> DIRECTIONS
Which lines in the listing below contain "iProperties"? Copy each of them.

> SUPPLIED INFORMATION

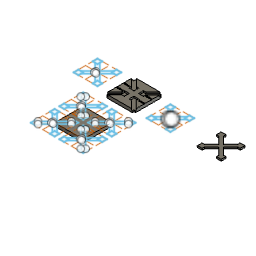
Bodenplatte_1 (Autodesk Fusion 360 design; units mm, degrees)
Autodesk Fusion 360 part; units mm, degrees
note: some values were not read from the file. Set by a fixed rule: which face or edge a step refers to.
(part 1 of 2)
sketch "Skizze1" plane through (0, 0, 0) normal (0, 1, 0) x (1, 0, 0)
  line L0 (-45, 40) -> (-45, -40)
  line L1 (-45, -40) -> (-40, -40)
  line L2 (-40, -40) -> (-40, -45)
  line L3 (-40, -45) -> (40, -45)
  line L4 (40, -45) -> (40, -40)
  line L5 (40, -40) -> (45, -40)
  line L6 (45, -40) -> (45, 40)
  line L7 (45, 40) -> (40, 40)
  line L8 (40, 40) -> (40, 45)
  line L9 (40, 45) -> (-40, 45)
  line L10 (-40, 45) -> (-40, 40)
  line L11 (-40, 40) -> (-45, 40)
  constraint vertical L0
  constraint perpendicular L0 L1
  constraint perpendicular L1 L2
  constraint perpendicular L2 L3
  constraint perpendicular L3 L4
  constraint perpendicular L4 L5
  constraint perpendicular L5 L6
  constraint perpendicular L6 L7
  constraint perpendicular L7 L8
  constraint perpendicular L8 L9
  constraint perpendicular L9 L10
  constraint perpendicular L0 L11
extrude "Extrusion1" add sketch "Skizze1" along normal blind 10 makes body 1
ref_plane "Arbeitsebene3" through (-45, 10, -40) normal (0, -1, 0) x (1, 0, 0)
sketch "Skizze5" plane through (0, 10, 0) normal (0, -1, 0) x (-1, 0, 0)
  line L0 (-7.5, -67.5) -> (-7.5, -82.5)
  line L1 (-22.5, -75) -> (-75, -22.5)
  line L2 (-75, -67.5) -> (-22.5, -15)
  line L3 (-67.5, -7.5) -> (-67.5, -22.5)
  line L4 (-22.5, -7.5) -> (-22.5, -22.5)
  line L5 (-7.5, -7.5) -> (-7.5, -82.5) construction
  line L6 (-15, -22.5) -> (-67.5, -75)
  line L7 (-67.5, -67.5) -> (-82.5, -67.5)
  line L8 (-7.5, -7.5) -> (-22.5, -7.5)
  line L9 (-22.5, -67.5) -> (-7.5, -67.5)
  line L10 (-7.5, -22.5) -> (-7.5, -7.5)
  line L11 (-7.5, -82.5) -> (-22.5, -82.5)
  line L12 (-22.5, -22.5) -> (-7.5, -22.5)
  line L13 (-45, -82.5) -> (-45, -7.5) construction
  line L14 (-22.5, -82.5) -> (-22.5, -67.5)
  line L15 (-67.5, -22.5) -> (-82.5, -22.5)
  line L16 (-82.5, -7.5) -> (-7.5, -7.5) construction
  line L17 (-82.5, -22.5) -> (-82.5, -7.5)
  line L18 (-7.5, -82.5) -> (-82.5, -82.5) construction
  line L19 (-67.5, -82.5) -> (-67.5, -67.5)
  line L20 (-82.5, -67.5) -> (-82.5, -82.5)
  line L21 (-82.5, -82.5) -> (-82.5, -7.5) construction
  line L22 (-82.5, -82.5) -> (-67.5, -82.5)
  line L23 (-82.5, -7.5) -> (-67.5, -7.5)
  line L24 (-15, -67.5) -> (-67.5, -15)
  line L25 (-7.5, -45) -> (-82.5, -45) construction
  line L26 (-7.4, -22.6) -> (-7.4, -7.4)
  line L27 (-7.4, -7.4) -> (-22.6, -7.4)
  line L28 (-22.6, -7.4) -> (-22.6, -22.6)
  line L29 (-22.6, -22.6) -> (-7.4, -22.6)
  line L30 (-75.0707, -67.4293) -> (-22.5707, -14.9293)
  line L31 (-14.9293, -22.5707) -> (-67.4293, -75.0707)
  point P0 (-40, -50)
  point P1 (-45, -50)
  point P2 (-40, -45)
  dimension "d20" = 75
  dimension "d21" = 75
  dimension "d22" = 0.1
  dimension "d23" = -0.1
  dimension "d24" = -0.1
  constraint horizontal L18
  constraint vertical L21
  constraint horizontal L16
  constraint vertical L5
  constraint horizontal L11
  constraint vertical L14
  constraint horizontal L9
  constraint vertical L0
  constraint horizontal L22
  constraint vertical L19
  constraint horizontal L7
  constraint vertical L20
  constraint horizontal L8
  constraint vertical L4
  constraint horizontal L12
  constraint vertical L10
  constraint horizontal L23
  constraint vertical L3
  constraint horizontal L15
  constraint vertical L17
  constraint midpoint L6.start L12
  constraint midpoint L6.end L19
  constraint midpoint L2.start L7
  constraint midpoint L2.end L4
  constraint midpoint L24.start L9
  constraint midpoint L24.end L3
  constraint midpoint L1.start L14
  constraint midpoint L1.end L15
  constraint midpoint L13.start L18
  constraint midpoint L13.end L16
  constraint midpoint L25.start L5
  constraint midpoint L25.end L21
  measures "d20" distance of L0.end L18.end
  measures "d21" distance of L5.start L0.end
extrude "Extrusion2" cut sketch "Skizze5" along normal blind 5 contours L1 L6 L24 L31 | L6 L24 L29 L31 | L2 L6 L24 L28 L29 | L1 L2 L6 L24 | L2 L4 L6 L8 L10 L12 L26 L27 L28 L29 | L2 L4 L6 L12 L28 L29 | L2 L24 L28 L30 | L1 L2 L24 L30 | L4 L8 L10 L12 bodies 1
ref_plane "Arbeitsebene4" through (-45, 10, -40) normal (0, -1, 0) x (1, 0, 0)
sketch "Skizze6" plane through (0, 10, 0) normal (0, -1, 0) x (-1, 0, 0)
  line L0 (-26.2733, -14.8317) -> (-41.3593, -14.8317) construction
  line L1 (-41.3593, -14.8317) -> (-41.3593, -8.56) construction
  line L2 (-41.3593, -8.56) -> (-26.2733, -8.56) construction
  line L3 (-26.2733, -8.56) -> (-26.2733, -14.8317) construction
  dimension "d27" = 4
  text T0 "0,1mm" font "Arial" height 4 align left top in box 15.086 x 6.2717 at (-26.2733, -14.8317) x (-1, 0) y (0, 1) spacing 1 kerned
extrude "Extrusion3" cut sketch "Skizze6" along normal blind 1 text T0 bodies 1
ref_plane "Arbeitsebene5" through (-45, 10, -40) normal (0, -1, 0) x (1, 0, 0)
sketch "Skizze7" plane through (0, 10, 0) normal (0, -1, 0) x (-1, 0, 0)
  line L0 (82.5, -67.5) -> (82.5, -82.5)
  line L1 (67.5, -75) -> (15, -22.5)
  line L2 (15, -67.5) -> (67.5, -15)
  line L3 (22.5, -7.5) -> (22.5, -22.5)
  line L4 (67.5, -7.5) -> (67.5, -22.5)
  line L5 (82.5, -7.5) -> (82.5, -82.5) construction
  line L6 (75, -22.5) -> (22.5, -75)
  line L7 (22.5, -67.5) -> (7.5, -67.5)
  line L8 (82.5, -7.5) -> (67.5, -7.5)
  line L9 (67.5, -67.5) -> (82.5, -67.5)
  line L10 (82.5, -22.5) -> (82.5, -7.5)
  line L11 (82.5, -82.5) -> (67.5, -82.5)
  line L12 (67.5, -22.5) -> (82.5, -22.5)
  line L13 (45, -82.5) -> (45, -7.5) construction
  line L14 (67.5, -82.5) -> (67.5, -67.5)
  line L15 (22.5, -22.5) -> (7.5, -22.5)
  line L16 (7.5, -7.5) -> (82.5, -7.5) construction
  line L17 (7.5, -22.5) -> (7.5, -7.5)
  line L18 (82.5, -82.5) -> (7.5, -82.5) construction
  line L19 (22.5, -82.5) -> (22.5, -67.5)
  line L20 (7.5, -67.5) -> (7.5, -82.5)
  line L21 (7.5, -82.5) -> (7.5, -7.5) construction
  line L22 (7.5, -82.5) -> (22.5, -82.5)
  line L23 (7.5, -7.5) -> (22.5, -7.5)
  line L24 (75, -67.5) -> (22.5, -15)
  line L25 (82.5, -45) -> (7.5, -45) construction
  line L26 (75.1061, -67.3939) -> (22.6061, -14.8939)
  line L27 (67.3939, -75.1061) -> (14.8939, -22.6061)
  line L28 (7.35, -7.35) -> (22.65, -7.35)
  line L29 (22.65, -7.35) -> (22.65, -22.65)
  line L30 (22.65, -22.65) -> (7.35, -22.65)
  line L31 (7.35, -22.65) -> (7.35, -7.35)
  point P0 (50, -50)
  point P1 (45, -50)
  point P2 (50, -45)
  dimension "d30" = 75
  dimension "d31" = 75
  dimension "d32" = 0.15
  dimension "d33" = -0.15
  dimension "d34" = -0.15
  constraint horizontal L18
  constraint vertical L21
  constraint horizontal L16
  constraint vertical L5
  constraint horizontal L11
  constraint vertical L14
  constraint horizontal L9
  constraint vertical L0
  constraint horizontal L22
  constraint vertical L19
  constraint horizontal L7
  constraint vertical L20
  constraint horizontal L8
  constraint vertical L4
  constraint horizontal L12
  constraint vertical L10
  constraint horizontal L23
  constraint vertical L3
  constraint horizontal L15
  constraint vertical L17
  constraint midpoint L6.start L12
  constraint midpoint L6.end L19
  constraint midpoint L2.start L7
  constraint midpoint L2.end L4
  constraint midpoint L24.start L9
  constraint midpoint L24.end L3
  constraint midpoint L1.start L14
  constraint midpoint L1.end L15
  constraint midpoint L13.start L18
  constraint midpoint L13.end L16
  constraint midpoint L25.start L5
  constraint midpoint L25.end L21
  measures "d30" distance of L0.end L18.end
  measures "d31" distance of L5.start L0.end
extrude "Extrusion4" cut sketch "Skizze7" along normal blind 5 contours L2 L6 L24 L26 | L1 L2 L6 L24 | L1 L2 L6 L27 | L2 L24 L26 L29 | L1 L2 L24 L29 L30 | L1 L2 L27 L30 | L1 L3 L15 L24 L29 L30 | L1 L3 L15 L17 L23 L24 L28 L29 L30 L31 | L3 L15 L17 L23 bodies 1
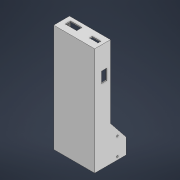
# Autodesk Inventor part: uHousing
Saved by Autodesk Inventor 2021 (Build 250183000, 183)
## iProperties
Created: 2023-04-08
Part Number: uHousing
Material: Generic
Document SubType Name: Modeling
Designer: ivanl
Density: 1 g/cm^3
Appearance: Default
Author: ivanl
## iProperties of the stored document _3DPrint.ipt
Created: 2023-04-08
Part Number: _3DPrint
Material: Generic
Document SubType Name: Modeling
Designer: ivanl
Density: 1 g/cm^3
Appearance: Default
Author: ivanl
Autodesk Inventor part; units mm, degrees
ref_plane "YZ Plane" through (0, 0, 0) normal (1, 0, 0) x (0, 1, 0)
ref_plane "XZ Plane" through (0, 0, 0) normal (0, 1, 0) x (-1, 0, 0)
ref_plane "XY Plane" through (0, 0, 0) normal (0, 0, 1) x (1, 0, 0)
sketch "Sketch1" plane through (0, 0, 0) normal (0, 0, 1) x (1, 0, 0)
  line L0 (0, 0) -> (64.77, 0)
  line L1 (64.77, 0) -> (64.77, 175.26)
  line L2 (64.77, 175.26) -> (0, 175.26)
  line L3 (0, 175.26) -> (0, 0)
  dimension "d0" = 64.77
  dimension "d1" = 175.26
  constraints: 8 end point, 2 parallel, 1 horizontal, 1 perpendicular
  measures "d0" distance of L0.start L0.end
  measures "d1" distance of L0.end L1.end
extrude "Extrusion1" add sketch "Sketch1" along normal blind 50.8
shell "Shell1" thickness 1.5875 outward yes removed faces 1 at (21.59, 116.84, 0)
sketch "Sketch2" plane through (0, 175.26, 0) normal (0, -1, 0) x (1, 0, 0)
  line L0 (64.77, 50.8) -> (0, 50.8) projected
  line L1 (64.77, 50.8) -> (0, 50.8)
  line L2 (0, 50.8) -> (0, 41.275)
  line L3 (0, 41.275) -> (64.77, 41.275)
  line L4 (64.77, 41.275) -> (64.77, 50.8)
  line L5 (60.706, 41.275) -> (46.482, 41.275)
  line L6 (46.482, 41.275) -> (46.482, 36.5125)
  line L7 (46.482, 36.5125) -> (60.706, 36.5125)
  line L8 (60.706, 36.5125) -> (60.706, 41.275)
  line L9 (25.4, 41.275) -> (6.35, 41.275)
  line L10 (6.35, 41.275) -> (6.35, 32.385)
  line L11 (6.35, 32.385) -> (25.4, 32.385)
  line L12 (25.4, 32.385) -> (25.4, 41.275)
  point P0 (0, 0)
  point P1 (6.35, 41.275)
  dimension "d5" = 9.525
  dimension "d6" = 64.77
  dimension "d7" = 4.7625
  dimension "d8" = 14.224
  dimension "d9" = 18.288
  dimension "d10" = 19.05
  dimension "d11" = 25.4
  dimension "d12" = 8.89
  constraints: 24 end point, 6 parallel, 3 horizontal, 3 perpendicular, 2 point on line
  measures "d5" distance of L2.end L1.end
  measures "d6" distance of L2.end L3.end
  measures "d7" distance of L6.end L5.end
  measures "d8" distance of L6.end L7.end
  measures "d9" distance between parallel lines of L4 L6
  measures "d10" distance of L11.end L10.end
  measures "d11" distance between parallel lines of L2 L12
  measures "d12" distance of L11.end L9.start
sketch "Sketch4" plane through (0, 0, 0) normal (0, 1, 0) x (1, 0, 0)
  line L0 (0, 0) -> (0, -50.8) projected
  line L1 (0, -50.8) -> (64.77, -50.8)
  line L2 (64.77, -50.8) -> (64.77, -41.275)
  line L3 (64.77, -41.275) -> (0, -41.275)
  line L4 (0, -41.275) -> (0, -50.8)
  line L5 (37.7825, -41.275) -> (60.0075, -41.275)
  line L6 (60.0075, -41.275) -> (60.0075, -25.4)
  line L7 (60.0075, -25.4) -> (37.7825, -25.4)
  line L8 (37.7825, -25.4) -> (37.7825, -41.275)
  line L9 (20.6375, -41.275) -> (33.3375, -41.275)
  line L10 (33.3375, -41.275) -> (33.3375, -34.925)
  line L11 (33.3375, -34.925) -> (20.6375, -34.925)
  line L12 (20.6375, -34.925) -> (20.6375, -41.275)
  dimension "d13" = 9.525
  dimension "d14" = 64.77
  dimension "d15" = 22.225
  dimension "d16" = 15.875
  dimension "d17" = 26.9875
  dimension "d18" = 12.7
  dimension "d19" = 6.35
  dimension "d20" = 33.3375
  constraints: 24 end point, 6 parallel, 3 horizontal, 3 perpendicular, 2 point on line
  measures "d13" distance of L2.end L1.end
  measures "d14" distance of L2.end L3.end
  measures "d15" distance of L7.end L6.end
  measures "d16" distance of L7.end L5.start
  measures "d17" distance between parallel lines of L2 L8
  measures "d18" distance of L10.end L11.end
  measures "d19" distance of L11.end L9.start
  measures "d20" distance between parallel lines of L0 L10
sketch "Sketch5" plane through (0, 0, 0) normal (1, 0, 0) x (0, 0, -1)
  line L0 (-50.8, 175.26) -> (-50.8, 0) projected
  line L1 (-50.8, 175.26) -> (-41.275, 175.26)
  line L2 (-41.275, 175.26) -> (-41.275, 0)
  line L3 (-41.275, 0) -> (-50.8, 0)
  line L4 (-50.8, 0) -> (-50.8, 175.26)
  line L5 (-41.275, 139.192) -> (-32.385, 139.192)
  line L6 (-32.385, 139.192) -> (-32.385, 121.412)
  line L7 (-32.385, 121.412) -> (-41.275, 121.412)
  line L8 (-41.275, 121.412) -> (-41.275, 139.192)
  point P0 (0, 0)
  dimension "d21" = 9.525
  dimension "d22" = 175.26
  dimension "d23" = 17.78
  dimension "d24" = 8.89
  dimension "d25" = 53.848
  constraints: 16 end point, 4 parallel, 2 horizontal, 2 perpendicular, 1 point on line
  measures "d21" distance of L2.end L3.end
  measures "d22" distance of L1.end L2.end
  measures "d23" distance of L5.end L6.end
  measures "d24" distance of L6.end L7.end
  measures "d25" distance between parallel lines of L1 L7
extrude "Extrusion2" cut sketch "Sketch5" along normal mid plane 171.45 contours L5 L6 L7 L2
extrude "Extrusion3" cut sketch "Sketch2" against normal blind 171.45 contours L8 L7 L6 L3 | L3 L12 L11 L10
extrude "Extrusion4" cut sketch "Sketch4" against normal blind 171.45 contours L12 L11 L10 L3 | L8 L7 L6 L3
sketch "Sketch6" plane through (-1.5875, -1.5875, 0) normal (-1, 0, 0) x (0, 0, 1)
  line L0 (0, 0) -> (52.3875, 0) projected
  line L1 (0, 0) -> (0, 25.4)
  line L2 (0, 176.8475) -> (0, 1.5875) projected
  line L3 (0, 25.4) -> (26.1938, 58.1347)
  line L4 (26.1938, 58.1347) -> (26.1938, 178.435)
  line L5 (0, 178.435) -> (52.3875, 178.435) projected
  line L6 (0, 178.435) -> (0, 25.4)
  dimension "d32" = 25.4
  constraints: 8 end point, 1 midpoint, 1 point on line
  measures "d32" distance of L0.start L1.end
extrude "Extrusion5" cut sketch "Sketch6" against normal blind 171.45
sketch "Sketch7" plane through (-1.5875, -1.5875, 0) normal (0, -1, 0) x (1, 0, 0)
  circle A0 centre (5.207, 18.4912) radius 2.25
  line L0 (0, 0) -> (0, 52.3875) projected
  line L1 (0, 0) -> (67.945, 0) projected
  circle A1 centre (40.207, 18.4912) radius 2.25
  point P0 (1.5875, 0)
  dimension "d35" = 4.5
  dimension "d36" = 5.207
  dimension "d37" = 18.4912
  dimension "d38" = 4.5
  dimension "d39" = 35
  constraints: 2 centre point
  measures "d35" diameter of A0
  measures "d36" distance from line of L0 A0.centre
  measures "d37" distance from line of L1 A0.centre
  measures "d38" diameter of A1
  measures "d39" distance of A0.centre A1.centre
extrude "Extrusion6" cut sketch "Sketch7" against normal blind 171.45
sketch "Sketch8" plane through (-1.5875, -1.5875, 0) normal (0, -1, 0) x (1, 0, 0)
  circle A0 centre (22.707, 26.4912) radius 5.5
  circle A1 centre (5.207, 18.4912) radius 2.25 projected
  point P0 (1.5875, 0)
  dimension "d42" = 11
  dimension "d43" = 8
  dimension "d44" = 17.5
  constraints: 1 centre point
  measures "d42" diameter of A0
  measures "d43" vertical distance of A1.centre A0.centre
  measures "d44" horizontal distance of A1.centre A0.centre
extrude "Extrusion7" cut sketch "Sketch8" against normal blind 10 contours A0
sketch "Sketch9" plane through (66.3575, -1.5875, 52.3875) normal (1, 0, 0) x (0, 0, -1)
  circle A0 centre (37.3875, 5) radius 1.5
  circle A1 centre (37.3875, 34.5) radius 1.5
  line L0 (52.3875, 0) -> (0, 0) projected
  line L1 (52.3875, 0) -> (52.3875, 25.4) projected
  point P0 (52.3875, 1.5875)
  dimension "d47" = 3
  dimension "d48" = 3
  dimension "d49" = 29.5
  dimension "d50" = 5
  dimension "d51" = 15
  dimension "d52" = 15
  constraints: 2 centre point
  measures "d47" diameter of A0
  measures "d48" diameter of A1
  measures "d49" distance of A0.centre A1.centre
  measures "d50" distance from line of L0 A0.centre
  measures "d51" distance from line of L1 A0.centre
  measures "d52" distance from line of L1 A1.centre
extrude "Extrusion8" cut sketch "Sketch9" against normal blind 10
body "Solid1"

> EXERCISE ANSWER
## iProperties
## iProperties of the stored document _3DPrint.ipt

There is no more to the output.